A total of 20 fingertip PPG signals were recorded. The signals were divided into 2 subgroups: 1—with a pronounced diastolic wave (n = 10), 2—with a barely noticeable or absent diastolic wave (n = 10). Examples of raw signals from two subgroups are shown in Fig. 2. The difference in the shape of the PPG signals between two subjects is associated with age. It is known that vascular stiffness increases with age, which is reflected in the pulse waveform in the form of a weakening of the diastolic wave35. Thus, these examples of signals reveal intra-subject variability in the pulse waveforms that were analyzed in our study. The reference signal was obtained by smoothing the raw PPG signal using a moving average. As can be seen from Fig. 2, the reference signal completely follows the contour of the raw signal. This allows us to compare the filtered signals to a reference signal rather than to a raw signal, which contains high-frequency noise.
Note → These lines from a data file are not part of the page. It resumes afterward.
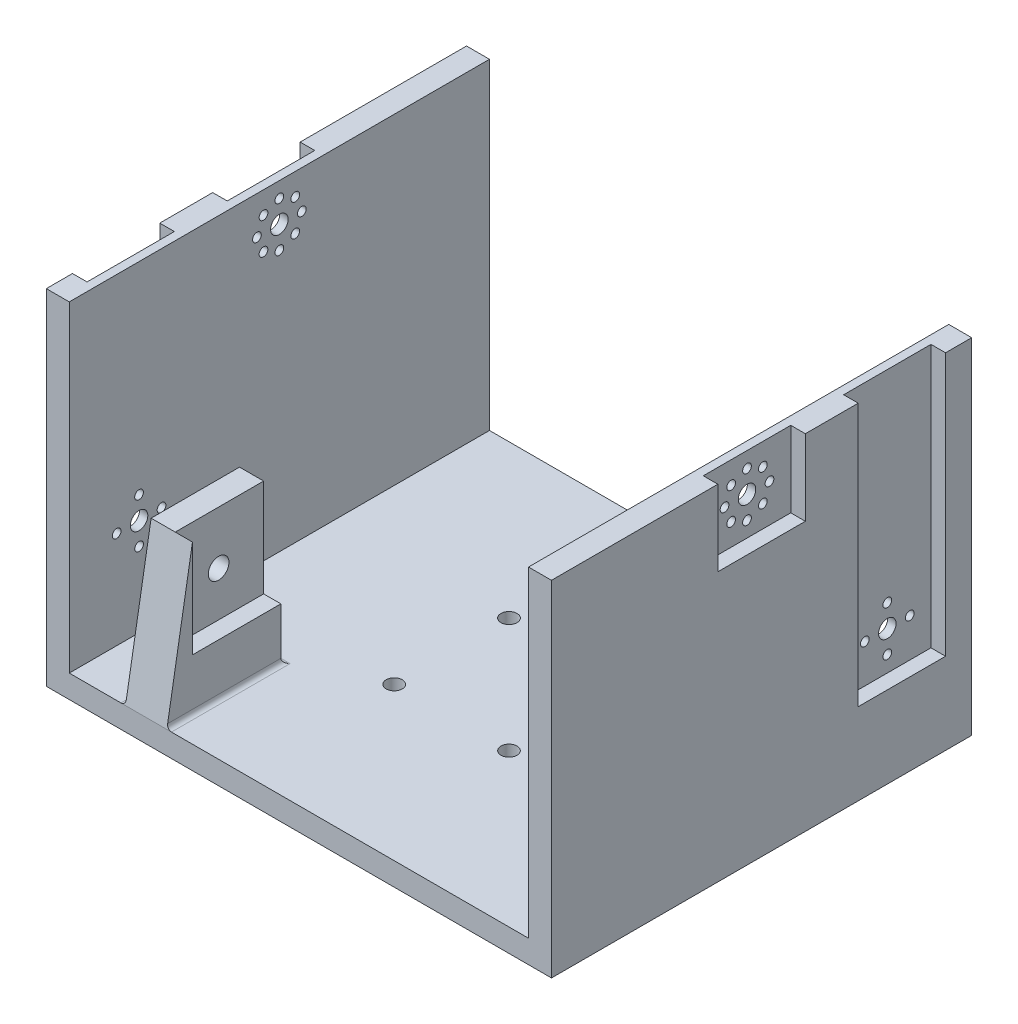
SolidWorks part; units mm, degrees
ref_plane "Front" through (0, 0, 0) normal (0, 0, 1) x (1, 0, 0)
ref_plane "Top" through (0, 0, 0) normal (0, 1, 0) x (1, 0, 0)
ref_plane "Right" through (0, 0, 0) normal (1, 0, 0) x (0, 0, -1)
sketch "Sketch2" plane through (0, 0, 0) normal (0, 1, 0) x (1, 0, 0)
  line L0 (0, 0) -> (0, -91.5) construction
  line L1 (-100, -91.5) -> (100, -91.5)
  line L2 (-100, -91.5) -> (-100, 91.5)
  line L3 (-100, 91.5) -> (100, 91.5)
  line L4 (100, -91.5) -> (100, 91.5)
  line L5 (0, 0) -> (-100, 0) construction
  point P0 (0, 0)
  dimension "D1" = 200
  dimension "D2" = 200
extrude "Boss-Extrude1" add sketch "Sketch2" along normal blind 10
sketch "Sketch3" plane through (0, 0, 0) normal (0, 1, 0) x (1, 0, 0)
  line L0 (-100, -91.5) -> (100, -91.5) construction
  line L1 (-100, 91.5) -> (-110, 91.5)
  line L2 (-100, 91.5) -> (-100, -91.5)
  line L3 (-100, -91.5) -> (-110, -91.5)
  line L4 (-110, 91.5) -> (-110, -91.5)
  line L5 (0, 0) -> (0, 91.5) construction
  line L6 (100, 91.5) -> (-100, 91.5) construction
  line L7 (110, 91.5) -> (110, -91.5)
  line L8 (100, -91.5) -> (110, -91.5)
  line L9 (100, 91.5) -> (100, -91.5)
  line L10 (100, 91.5) -> (110, 91.5)
  dimension "D1" = 10
extrude "Boss-Extrude2" add sketch "Sketch3" along normal blind 150
sketch "Sketch4" plane through (0, 10, 0) normal (0, 1, 0) x (1, 0, 0)
  point P4 (0, 0)
hole_wizard "M6 Clearance Hole1" positions "Sketch5" profile "Sketch6" hole size "M6" standard "ANSI Metric" end condition up to next
sketch "Sketch5" plane through (0, 10, 0) normal (0, 1, 0) x (1, 0, 0)
  line L0 (0, 0) -> (0, 25) construction
  line L1 (0, 25) -> (-25, 25) construction
  line L3 (0, 25) -> (25, 25) construction
  point P0 (-25, 25)
  point P13 (25, 25)
  point P14 (25, -25)
  point P15 (-25, -25)
  dimension "D1" = 25
  dimension "D2" = 4
sketch "Sketch6" plane through (-25, 10, -25) normal (1, 0, 0) x (0, 0, 1)
  line L0 (0, 0) -> (0, 10)
  line L1 (0, 10) -> (3.5, 10)
  line L2 (3.5, 10) -> (3.5, 0)
  line L5 (3.5, 0) -> (0, 0)
  line L11 (0, -6.35) -> (0, 107.95) construction
  dimension "Thru Hole Dia." = 7
  dimension "Thru Hole Depth" = 10
sketch "Sketch7" plane through (100, 0, 0) normal (-1, 0, 0) x (0, 0, 1)
  line L0 (-91.5, 150) -> (91.5, 150) construction
  line L1 (0, 133.49) -> (0, 143.269) construction
  line L2 (0, 133.49) -> (0, 143.269) construction
  circle A0 centre (0, 133.49) radius 3.81
  circle A1 centre (0, 143.269) radius 1.8987
  circle A2 centre (6.9148, 140.4048) radius 1.8987
  circle A3 centre (9.779, 133.49) radius 1.8987
  circle A4 centre (6.9148, 126.5752) radius 1.8987
  circle A5 centre (0, 123.711) radius 1.8987
  circle A6 centre (-6.9148, 126.5752) radius 1.8987
  circle A7 centre (-9.779, 133.49) radius 1.8987
  circle A8 centre (-6.9148, 140.4048) radius 1.8987
  point P7 (0, 150)
  dimension "D1" = 7.62
  dimension "D3" = 3.7973
  dimension "D2" = 16.51
  dimension "D6" = 9.779
  dimension "D5" = 8
extrude "Cut-Extrude1" cut sketch "Sketch7" against normal through all both and the other way through all
sketch "Sketch8" plane through (0, 150, 0) normal (0, 1, 0) x (1, 0, 0)
  line L1 (103.65, -19.05) -> (110, -19.05)
  line L2 (103.65, -19.05) -> (103.65, 19.05)
  line L3 (103.65, 19.05) -> (110, 19.05)
  line L4 (110, -19.05) -> (110, 19.05)
  line L5 (103.65, -19.05) -> (110, 19.05) construction
  line L6 (103.65, 19.05) -> (110, -19.05) construction
  line L9 (110, -91.5) -> (110, 91.5) construction
  line L10 (0, 0) -> (0, 91.5) construction
  line L11 (100, 91.5) -> (-100, 91.5) construction
  line L13 (-103.65, 19.05) -> (-110, -19.05) construction
  line L14 (-103.65, -19.05) -> (-110, 19.05) construction
  line L16 (-110, -19.05) -> (-110, 19.05)
  line L17 (-103.65, 19.05) -> (-110, 19.05)
  line L18 (-103.65, -19.05) -> (-103.65, 19.05)
  line L19 (-103.65, -19.05) -> (-110, -19.05)
  point P0 (106.825, 0)
  point P12 (110, 0)
  point P23 (-106.825, 0)
  dimension "D1" = 38.1
  dimension "D2" = 6.35
extrude "Cut-Extrude2" cut sketch "Sketch8" against normal blind 33.02
sketch "Sketch9" plane through (110, 0, 0) normal (1, 0, 0) x (0, 0, -1)
  line L0 (44.5889, 35.5504) -> (50.6849, 35.5504) construction
  line L2 (80.1089, 69.0884) -> (80.1089, 35.5404)
  line L3 (80.1089, 35.5404) -> (42.0889, 35.5404)
  line L4 (42.0889, 69.0884) -> (42.0889, 35.5404)
  line L5 (80.1089, 69.0884) -> (42.0889, 35.5404) construction
  line L6 (80.1089, 35.5404) -> (42.0889, 69.0884) construction
  line L7 (44.5889, 44.6944) -> (44.5889, 35.5504) construction
  line L13 (80.1089, 69.0884) -> (80.1089, 150)
  line L14 (19.05, 150) -> (91.5, 150) construction
  line L15 (80.1089, 150) -> (42.0889, 150)
  line L16 (42.0889, 150) -> (42.0889, 69.0884)
  point P0 (61.0989, 52.3144)
  point P10 (61.0989, 62.0934)
  point P11 (51.3199, 52.3144)
  point P13 (61.0989, 42.5354)
  point P15 (70.8779, 52.3144)
  dimension "D1" = 0.01
  dimension "D2" = 2.5
extrude "Cut-Extrude3" cut sketch "Sketch9" against normal blind 6.35
sketch "Sketch11" plane through (103.65, 0, 0) normal (1, 0, 0) x (0, 0, -1)
  circle A0 centre (61.0989, 52.3144) radius 3.81
  circle A1 centre (0, 133.49) radius 3.81 construction
extrude "Cut-Extrude4" cut sketch "Sketch11" against normal up to next
hole_wizard "#6 Clearance Hole1" positions "Sketch12" profile "Sketch13" hole size "#6" standard "ANSI Inch" end condition up to next
sketch "Sketch12" plane through (103.65, 0, 0) normal (1, 0, 0) x (0, 0, -1)
  point P0 (61.0989, 62.0934)
  point P3 (51.3199, 52.3144)
  point P6 (70.8779, 52.3144)
  point P10 (61.0989, 42.5354)
sketch "Sketch13" plane through (103.65, 62.0934, -61.0989) normal (0, 1, 0) x (0, 0, -1)
  line L0 (0, 0) -> (0, 3.65)
  line L1 (0, 3.65) -> (1.8986, 3.65)
  line L2 (1.8986, 3.65) -> (1.8986, 0)
  line L5 (1.8986, 0) -> (0, 0)
  line L11 (0, -6.35) -> (0, 107.95) construction
  dimension "Thru Hole Dia." = 3.7973
  dimension "Thru Hole Depth" = 3.65
ref_plane "Plane1" through (0, 0, 0) normal (-0.7071, 0, 0.7071) x (0.7071, 0, 0.7071)
ref_axis "Axis1" through (0, 0, 0) along (0, 1, 0)
pattern_circular "CirPattern1" count 2 over 360 about axis through (0, 0, 0) along (0, 1, 0) of "Cut-Extrude3", "Cut-Extrude4", "#6 Clearance Hole1"
sketch "Esquisse1" plane through (0, 10, 0) normal (0, 1, 0) x (1, 0, 0)
  line L1 (53.59, 80.11) -> (77, 80.11)
  line L2 (53.59, 80.11) -> (53.59, 42.09)
  line L3 (53.59, 42.09) -> (77, 42.09)
  line L4 (77, 80.11) -> (77, 42.09)
  line L5 (110, -91.5) -> (110, 91.5) construction
  line L6 (110, 91.5) -> (-110, 91.5) construction
  point P5 (77, 61.1)
  dimension "D1" = 23.41
  dimension "D2" = 30.4
  dimension "D3" = 38.02
  dimension "D4" = 33
extrude "Boss.-Extru.1" add sketch "Esquisse1" along normal blind 65.1
sketch "Esquisse3" plane through (0, 75.1, 0) normal (0, 1, 0) x (1, 0, 0)
  line L0 (53.59, 42.09) -> (64.59, 42.09)
  line L1 (53.59, 42.09) -> (77, 42.09) construction
  line L2 (64.59, 42.09) -> (64.59, 80.11)
  line L3 (77, 80.11) -> (53.59, 80.11) construction
  line L4 (64.59, 80.11) -> (53.59, 80.11)
  line L5 (53.59, 80.11) -> (53.59, 42.09)
  dimension "D1" = 11
extrude "Enlèv. mat.-Extru.1" cut sketch "Esquisse3" against normal blind 39.56
sketch "Esquisse4" plane through (64.59, 0, 0) normal (-1, 0, 0) x (0, 0, 1)
  circle A0 centre (-61.281, 51.9838) radius 4.5
  dimension "D1" = 9
extrude "Enlèv. mat.-Extru.2" cut sketch "Esquisse4" against normal up to next
sketch "Esquisse5" plane through (0, 10, 0) normal (0, 1, 0) x (1, 0, 0)
  line L1 (77, 42.09) -> (45.0859, 42.09)
  line L2 (77, 42.09) -> (77, 35.7298)
  line L3 (77, 35.7298) -> (45.0859, 35.7298)
  line L4 (45.0859, 42.09) -> (45.0859, 35.7298)
extrude "Boss.-Extru.2" add sketch "Esquisse5" along normal blind 65.26
sketch "Esquisse6" plane through (45.0859, 0, 0) normal (-1, 0, 0) x (0, 0, 1)
  line L0 (-35.7298, 10) -> (-35.7298, 75.26)
  line L1 (-35.7298, 75.26) -> (4.2702, 10)
  line L2 (4.2702, 10) -> (-35.7298, 10)
  dimension "D1" = 40
extrude "Boss.-Extru.3" add sketch "Esquisse6" against normal up to vertex (31.9141 mm away) up to point (77, 75.26, -35.7298)
fillet "Congé4" radius 2 3 edges at (77, 10, -37.9199) (45.0859, 10, -18.9099) (61.0429, 10, 4.2702)
fillet "Congé5" radius 2 1 edges at (53.59, 10, -61.1)
sketch "Esquisse8" plane through (0, 10, 0) normal (0, 1, 0) x (1, 0, 0)
  line L0 (-100, -91.5) -> (100, -91.5) construction
  line L1 (-75.5, -41.85) -> (-57.5, -41.85)
  line L2 (-75.5, -41.85) -> (-75.5, -80.35)
  line L3 (-75.5, -80.35) -> (-57.5, -80.35)
  line L4 (-57.5, -41.85) -> (-57.5, -80.35)
  line L5 (-110, -80.1089) -> (-110, -91.5) construction
  point P4 (-75.5, -61.1)
  dimension "D1" = 30.4
  dimension "D2" = 34.5
  dimension "D3" = 18
  dimension "D4" = 38.5
extrude "Boss.-Extru.4" add sketch "Esquisse8" along normal blind 65.1
sketch "Esquisse9" plane through (0, 75.1, 0) normal (0, 1, 0) x (1, 0, 0)
  line L0 (-57.5, -41.85) -> (-65, -41.85)
  line L1 (-57.5, -41.85) -> (-75.5, -41.85) construction
  line L2 (-65, -41.85) -> (-65, -80.35)
  line L3 (-75.5, -80.35) -> (-57.5, -80.35) construction
  line L4 (-65, -80.35) -> (-57.5, -80.35)
  line L5 (-57.5, -80.35) -> (-57.5, -41.85)
  dimension "D1" = 7.5
extrude "Enlèv. mat.-Extru.4" cut sketch "Esquisse9" against normal blind 42.56
sketch "Esquisse10" plane through (-65, 0, 0) normal (1, 0, 0) x (0, 0, -1)
  circle A0 centre (-61.4583, 52.0176) radius 4.5
  dimension "D1" = 9
extrude "Enlèv. mat.-Extru.5" cut sketch "Esquisse10" against normal up to next
sketch "Esquisse12" plane through (-75.5, 0, 0) normal (-1, 0, 0) x (0, 0, 1)
  line L0 (80.35, 10) -> (80.35, 75.1)
  line L1 (80.35, 75.1) -> (91.5, 10)
  arc A0 (91.5, 10) -> (80.35, 10) centre (85.925, 42.55) cw
  dimension "D1" = 65.1
extrude "Boss.-Extru.5" add sketch "Esquisse12" against normal up to vertex (18 mm away) up to point (-57.5, 10, 80.35)
fillet "Congé6" radius 2 3 edges at (-75.5, 10, 66.675) (-57.5, 10, 66.675) (-66.5, 10, 41.85)
equation "\"Longueur\"= 200"
equation "\"D2@Sketch2\"=\"Longueur\""
equation "\"Largeur\"=200"
equation "\"D1@Sketch2\"=\"Largeur\""

We also plotted the power spectra of presented signals to estimate the frequency range of the useful signal and noise (see Fig. 2c,d). As can be seen, the useful harmonics of both PPG signals are concentrated to approximately 10 Hz. The noise has a uniform distribution over the entire frequency band with separate harmonics at 30, 50 Hz, etc. and its level is approximately − 90 dB (orange line in Fig. 2c,d).

Figure 2
figure 2

Examples of recorded raw PPG signals of 2 types: with a pronounced diastolic wave (a) and without it (b). The reference signal is the raw signal smoothed using a moving average with a window of 3.125 ms. Power spectrum of raw signals from subject 1 (c) and subject 2 (d).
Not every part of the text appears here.